Baskin explained a situation involving the Big Cat Rescue secretary becoming conservator after getting Lewis’s grown kids to sign over rights.
However, when Lewis didn’t come home, Baskin said she agreed to take a polygraph initially. Why didn’t she? On the advice of a criminal attorney who explained a polygraph only shows if you’re having “an emotional response,” he convinced Baskin to back out, fear of everyone convicting her as guilty when she wasn’t even a suspect.
She went on to explain if she passed the test, it could also come back as “inconclusive,” though all she wanted to do was give Lewis’s children “peace of mind.”
“That would be taken to say that I’m this stone-cold killer that has no emotional response,” she said.

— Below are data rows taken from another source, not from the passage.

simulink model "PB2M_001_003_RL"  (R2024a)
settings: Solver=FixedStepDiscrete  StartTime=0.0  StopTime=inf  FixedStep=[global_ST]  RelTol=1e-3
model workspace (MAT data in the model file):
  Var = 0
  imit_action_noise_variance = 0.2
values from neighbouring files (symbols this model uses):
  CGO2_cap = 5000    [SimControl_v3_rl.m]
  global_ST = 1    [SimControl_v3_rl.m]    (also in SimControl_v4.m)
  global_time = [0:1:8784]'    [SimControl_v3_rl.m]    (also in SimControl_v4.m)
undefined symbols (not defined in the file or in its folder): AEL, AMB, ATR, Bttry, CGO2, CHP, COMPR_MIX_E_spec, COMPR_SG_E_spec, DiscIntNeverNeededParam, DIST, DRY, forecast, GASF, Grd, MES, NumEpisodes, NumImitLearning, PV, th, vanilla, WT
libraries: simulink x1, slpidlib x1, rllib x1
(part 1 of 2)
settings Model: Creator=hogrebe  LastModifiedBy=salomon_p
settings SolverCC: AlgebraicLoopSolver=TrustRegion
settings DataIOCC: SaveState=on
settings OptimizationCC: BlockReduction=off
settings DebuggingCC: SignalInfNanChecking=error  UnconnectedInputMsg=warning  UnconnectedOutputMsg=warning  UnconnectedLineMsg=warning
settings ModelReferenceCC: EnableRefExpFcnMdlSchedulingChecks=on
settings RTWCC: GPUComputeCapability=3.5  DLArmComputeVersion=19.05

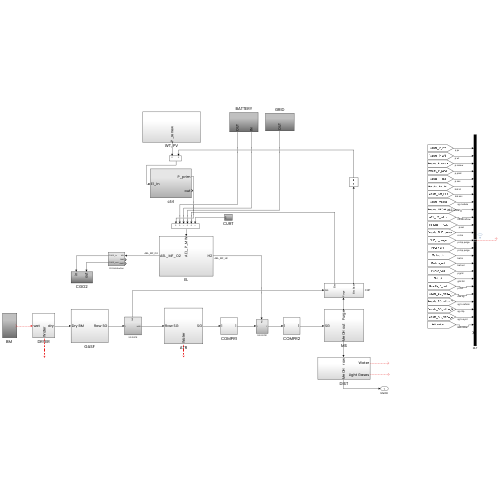
[thumbnail: Simulink's stored preview of the top-level diagram]
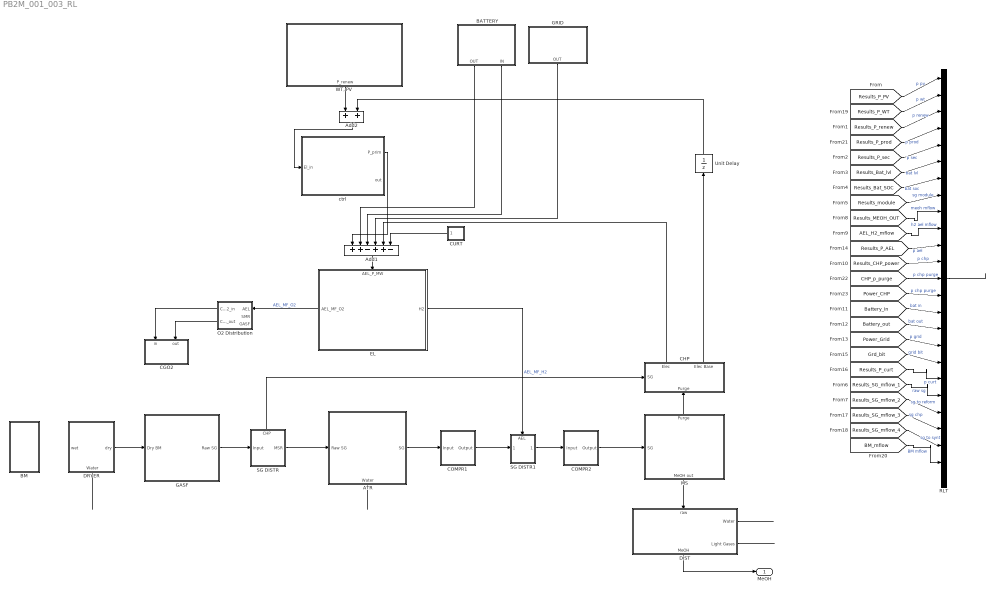
== system PB2M_001_003_RL ==
  ATR : Subsystem
      settings: PortSchema="{\"entries\":[{\"content\":{\"sides\":[{\"content\":{\"connectorIds\":[\"In1\"]},\"type\":\"ConnectorPlacement.EquallySpacedRectSide\",\"uuid\":\"d95d7370-a768-4e71-99c5-23d50f67aabe\"},{\"content\":{\"connectorIds\":[\"Out1\"],\"side\":\"RIGHT\"},\"type\":\"ConnectorPlacement.EquallySpacedRectSide\",\"uuid\":\"3437d418-ce7d-423d-8668-067a2caa5d39\"},{\"content\":{\"side\":\"TOP\"},\"type\":\"ConnectorPlacement.EquallySpacedRectSide\",\"uuid\":\"c8aa7c63-1393-4bbc-8660-d82006d9d42e\"},{\"content\":{\"connectorIds\":[\"Out2\"],\"side\":\"BOTTOM\"},\"type\":\"ConnectorPlacement.EquallySpacedRectSide\",\"uuid\":\"8d079498-92c7-4ac5-81b3-d100ec68b2bd\"}]},\"type\":\"ConnectorPlacement.EquallySpacedConnector\",\"uuid\":\"07712eec-a256-4c23-80e6-026550a38bce\"}],\"packageUris\":[\"http://schema.mathworks.com/mf0/Connector/R2020b\"],\"version\":\"1.0\"}"
  Add1 : Sum  Inputs=++-++-
  Add2 : Sum
  BATTERY : Subsystem
      settings: PortSchema="{\"entries\":[{\"content\":{\"sides\":[{\"content\":{},\"type\":\"ConnectorPlacement.EquallySpacedRectSide\",\"uuid\":\"b156ae25-26b3-4eee-ac7f-e302bdaac2ab\"},{\"content\":{\"side\":\"RIGHT\"},\"type\":\"ConnectorPlacement.EquallySpacedRectSide\",\"uuid\":\"f3a3b929-51c5-4419-b41e-ec6279a18565\"},{\"content\":{\"side\":\"TOP\"},\"type\":\"ConnectorPlacement.EquallySpacedRectSide\",\"uuid\":\"01f6443f-63f0-4718-804f-9bad3a04ddfb\"},{\"content\":{\"connectorIds\":[\"Out1\",\"Out2\"],\"side\":\"BOTTOM\"},\"type\":\"ConnectorPlacement.EquallySpacedRectSide\",\"uuid\":\"cbf48387-64e5-4e53-bde3-6e14dbb130f7\"}]},\"type\":\"ConnectorPlacement.EquallySpacedConnector\",\"uuid\":\"4aa34124-3e08-49a0-9db9-a8367ba9f9e9\"}],\"packageUris\":[\"http://schema.mathworks.com/mf0/Connector/R2020b\"],\"version\":\"1.0\"}"
  "BM " : Subsystem
  CGO2 : Subsystem
      settings: PortSchema="{\"entries\":[{\"content\":{\"sides\":[{\"content\":{},\"type\":\"ConnectorPlacement.EquallySpacedRectSide\",\"uuid\":\"5fd0e465-b758-40c5-99c0-bd502cf80220\"},{\"content\":{\"side\":\"RIGHT\"},\"type\":\"ConnectorPlacement.EquallySpacedRectSide\",\"uuid\":\"8c2bf71d-dd8a-4c38-9726-2100ecfb4157\"},{\"content\":{\"connectorIds\":[\"In1\",\"In2\"],\"side\":\"TOP\"},\"type\":\"ConnectorPlacement.EquallySpacedRectSide\",\"uuid\":\"9b00925e-eb9b-456e-968f-5d87047a8706\"}]},\"type\":\"ConnectorPlacement.EquallySpacedConnector\",\"uuid\":\"2f6cfec4-9fe2-41ff-9b0f-2d3a7383541d\"}],\"packageUris\":[\"http://schema.mathworks.com/mf0/Connector/R2020b\"],\"version\":\"1.0\"}"
  CHP : Subsystem
      settings: PortSchema="{\"entries\":[{\"content\":{\"sides\":[{\"content\":{\"connectorIds\":[\"In1\"]},\"type\":\"ConnectorPlacement.EquallySpacedRectSide\",\"uuid\":\"455e4cb2-b7ce-40b3-9267-45576cb92a35\"},{\"content\":{\"side\":\"RIGHT\"},\"type\":\"ConnectorPlacement.EquallySpacedRectSide\",\"uuid\":\"26266506-6e66-4bc0-bccd-a9e779dcae16\"},{\"content\":{\"connectorIds\":[\"Out1\",\"Out2\"],\"side\":\"TOP\"},\"type\":\"ConnectorPlacement.EquallySpacedRectSide\",\"uuid\":\"0bfe460e-97a8-4cdd-8918-1c56f22f3fbd\"},{\"content\":{\"connectorIds\":[\"In2\"],\"side\":\"BOTTOM\"},\"type\":\"ConnectorPlacement.EquallySpacedRectSide\",\"uuid\":\"d15a681e-1531-4d34-b913-d07bfab7e09a\"}]},\"type\":\"ConnectorPlacement.EquallySpacedConnector\",\"uuid\":\"864e4265-4fc9-4c94-8dd3-96a5c52575a2\"}],\"packageUris\":[\"http://schema.mathworks.com/mf0/Connector/R2020b\"],\"version\":\"1.0\"}"
  COMPR1 : Subsystem
  COMPR2 : Subsystem
  CURT : Subsystem
      settings: PortSchema="{\"entries\":[{\"content\":{\"sides\":[{\"content\":{\"connectorIds\":[\"Out1\"]},\"type\":\"ConnectorPlacement.EquallySpacedRectSide\",\"uuid\":\"455e4cb2-b7ce-40b3-9267-45576cb92a35\"},{\"content\":{\"side\":\"RIGHT\"},\"type\":\"ConnectorPlacement.EquallySpacedRectSide\",\"uuid\":\"26266506-6e66-4bc0-bccd-a9e779dcae16\"},{\"content\":{\"side\":\"TOP\"},\"type\":\"ConnectorPlacement.EquallySpacedRectSide\",\"uuid\":\"0bfe460e-97a8-4cdd-8918-1c56f22f3fbd\"}]},\"type\":\"ConnectorPlacement.EquallySpacedConnector\",\"uuid\":\"864e4265-4fc9-4c94-8dd3-96a5c52575a2\"}],\"packageUris\":[\"http://schema.mathworks.com/mf0/Connector/R2020b\"],\"version\":\"1.0\"}"
  DIST : Subsystem
      settings: PortSchema="{\"entries\":[{\"content\":{\"sides\":[{\"content\":{},\"type\":\"ConnectorPlacement.EquallySpacedRectSide\",\"uuid\":\"9bb20e76-c8c0-4ce3-bfa2-fd978c659bcc\"},{\"content\":{\"connectorIds\":[\"Out1\",\"Out2\"],\"side\":\"RIGHT\"},\"type\":\"ConnectorPlacement.EquallySpacedRectSide\",\"uuid\":\"12d31df4-77c9-4a5c-9a6c-fd7c89038c05\"},{\"content\":{\"connectorIds\":[\"In1\"],\"side\":\"TOP\"},\"type\":\"ConnectorPlacement.EquallySpacedRectSide\",\"uuid\":\"3a96496e-8d88-4b7f-91f0-6f8e8152b6d3\"},{\"content\":{\"connectorIds\":[\"Out3\"],\"side\":\"BOTTOM\"},\"type\":\"ConnectorPlacement.EquallySpacedRectSide\",\"uuid\":\"4bc833e2-fc0a-44a4-bcf0-3ebf0863e835\"}]},\"type\":\"ConnectorPlacement.EquallySpacedConnector\",\"uuid\":\"bb9c8f09-08c9-4a34-bdc9-5c844495fddc\"}],\"packageUris\":[\"http://schema.mathworks.com/mf0/Connector/R2020b\"],\"version\":\"1.0\"}"
  DRYER : Subsystem
      settings: PortSchema="{\"entries\":[{\"content\":{\"sides\":[{\"content\":{},\"type\":\"ConnectorPlacement.EquallySpacedRectSide\",\"uuid\":\"4ebfcccc-776f-4872-9d0b-9643b5960bad\"},{\"content\":{\"connectorIds\":[\"Out1\"],\"side\":\"RIGHT\"},\"type\":\"ConnectorPlacement.EquallySpacedRectSide\",\"uuid\":\"52af1a20-21ba-42da-ac0d-5cc3ed928415\"},{\"content\":{\"connectorIds\":[\"Out2\"],\"side\":\"TOP\"},\"type\":\"ConnectorPlacement.EquallySpacedRectSide\",\"uuid\":\"35b3f618-6f56-49d4-89a8-2314405479bc\"},{\"content\":{\"connectorIds\":[\"In1\"],\"side\":\"BOTTOM\"},\"type\":\"ConnectorPlacement.EquallySpacedRectSide\",\"uuid\":\"a7ad5d18-a31c-4405-a5bd-3fe59bb19813\"}]},\"type\":\"ConnectorPlacement.EquallySpacedConnector\",\"uuid\":\"90f717a7-269d-4abb-8032-a33661c35212\"}],\"packageUris\":[\"http://schema.mathworks.com/mf0/Connector/R2020b\"],\"version\":\"1.0\"}"
  EL : Subsystem
      settings: PortSchema="{\"entries\":[{\"content\":{\"sides\":[{\"content\":{\"connectorIds\":[\"Out2\"]},\"type\":\"ConnectorPlacement.EquallySpacedRectSide\",\"uuid\":\"e86b81d9-d45f-45ad-8c80-2ef5c9159145\"},{\"content\":{\"connectorIds\":[\"Out1\"],\"side\":\"RIGHT\"},\"type\":\"ConnectorPlacement.EquallySpacedRectSide\",\"uuid\":\"b091bd34-fe91-455d-8135-92fc1e1b5bd7\"},{\"content\":{\"connectorIds\":[\"In1\"],\"side\":\"TOP\"},\"type\":\"ConnectorPlacement.EquallySpacedRectSide\",\"uuid\":\"804c6318-ad33-4a07-b17e-e0d2fd6b4b2f\"}]},\"type\":\"ConnectorPlacement.EquallySpacedConnector\",\"uuid\":\"e581105a-7c66-468d-8489-1abddd5a4bb6\"}],\"packageUris\":[\"http://schema.mathworks.com/mf0/Connector/R2020b\"],\"version\":\"1.0\"}"
  GASF : Subsystem
  GRID : Subsystem
      settings: PortSchema="{\"entries\":[{\"content\":{\"sides\":[{\"content\":{},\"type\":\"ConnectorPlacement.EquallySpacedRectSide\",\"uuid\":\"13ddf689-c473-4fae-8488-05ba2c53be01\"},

“There was nothing good that was going to come out of that. I knew I didn’t have anything to do with Don’s disappearance and it wasn’t going to help anybody find him. So there was absolutely no reason to take a polygraph then — or now, 23 years later when people are still accusing me of killing my husband.”
Baskin said she was ‘desperate for somebody who loved’ her
As stated in Tiger King, Baskin was 19 years old when she met Lewis. He was a married father, but, according to Baskin, he’d left his wife.
“He had told me his name was Bob Martin,” she says in the video. She added that she didn’t know who he really was for “three or four years.” Once she did discover the man she’d fallen in love with was Lewis, she still didn’t leave but has regrets about it now.
“It was never my intention to break up his home,” she said.
However, Baskin says that once Lewis’s wife asked for a divorce, she also asked for $1 million in property and a quick divorce after allegations came to light that Lewis had allegedly sexually assaulted a minor in the family.
In the 16-minute video, Baskin elaborates on the business side of their relationship. Still, regardless of what’s said, fans and critics will likely make up their own minds about Baskin (or already have).
Tiger King: Murder, Mayhem, and Madness is available on Netflix now.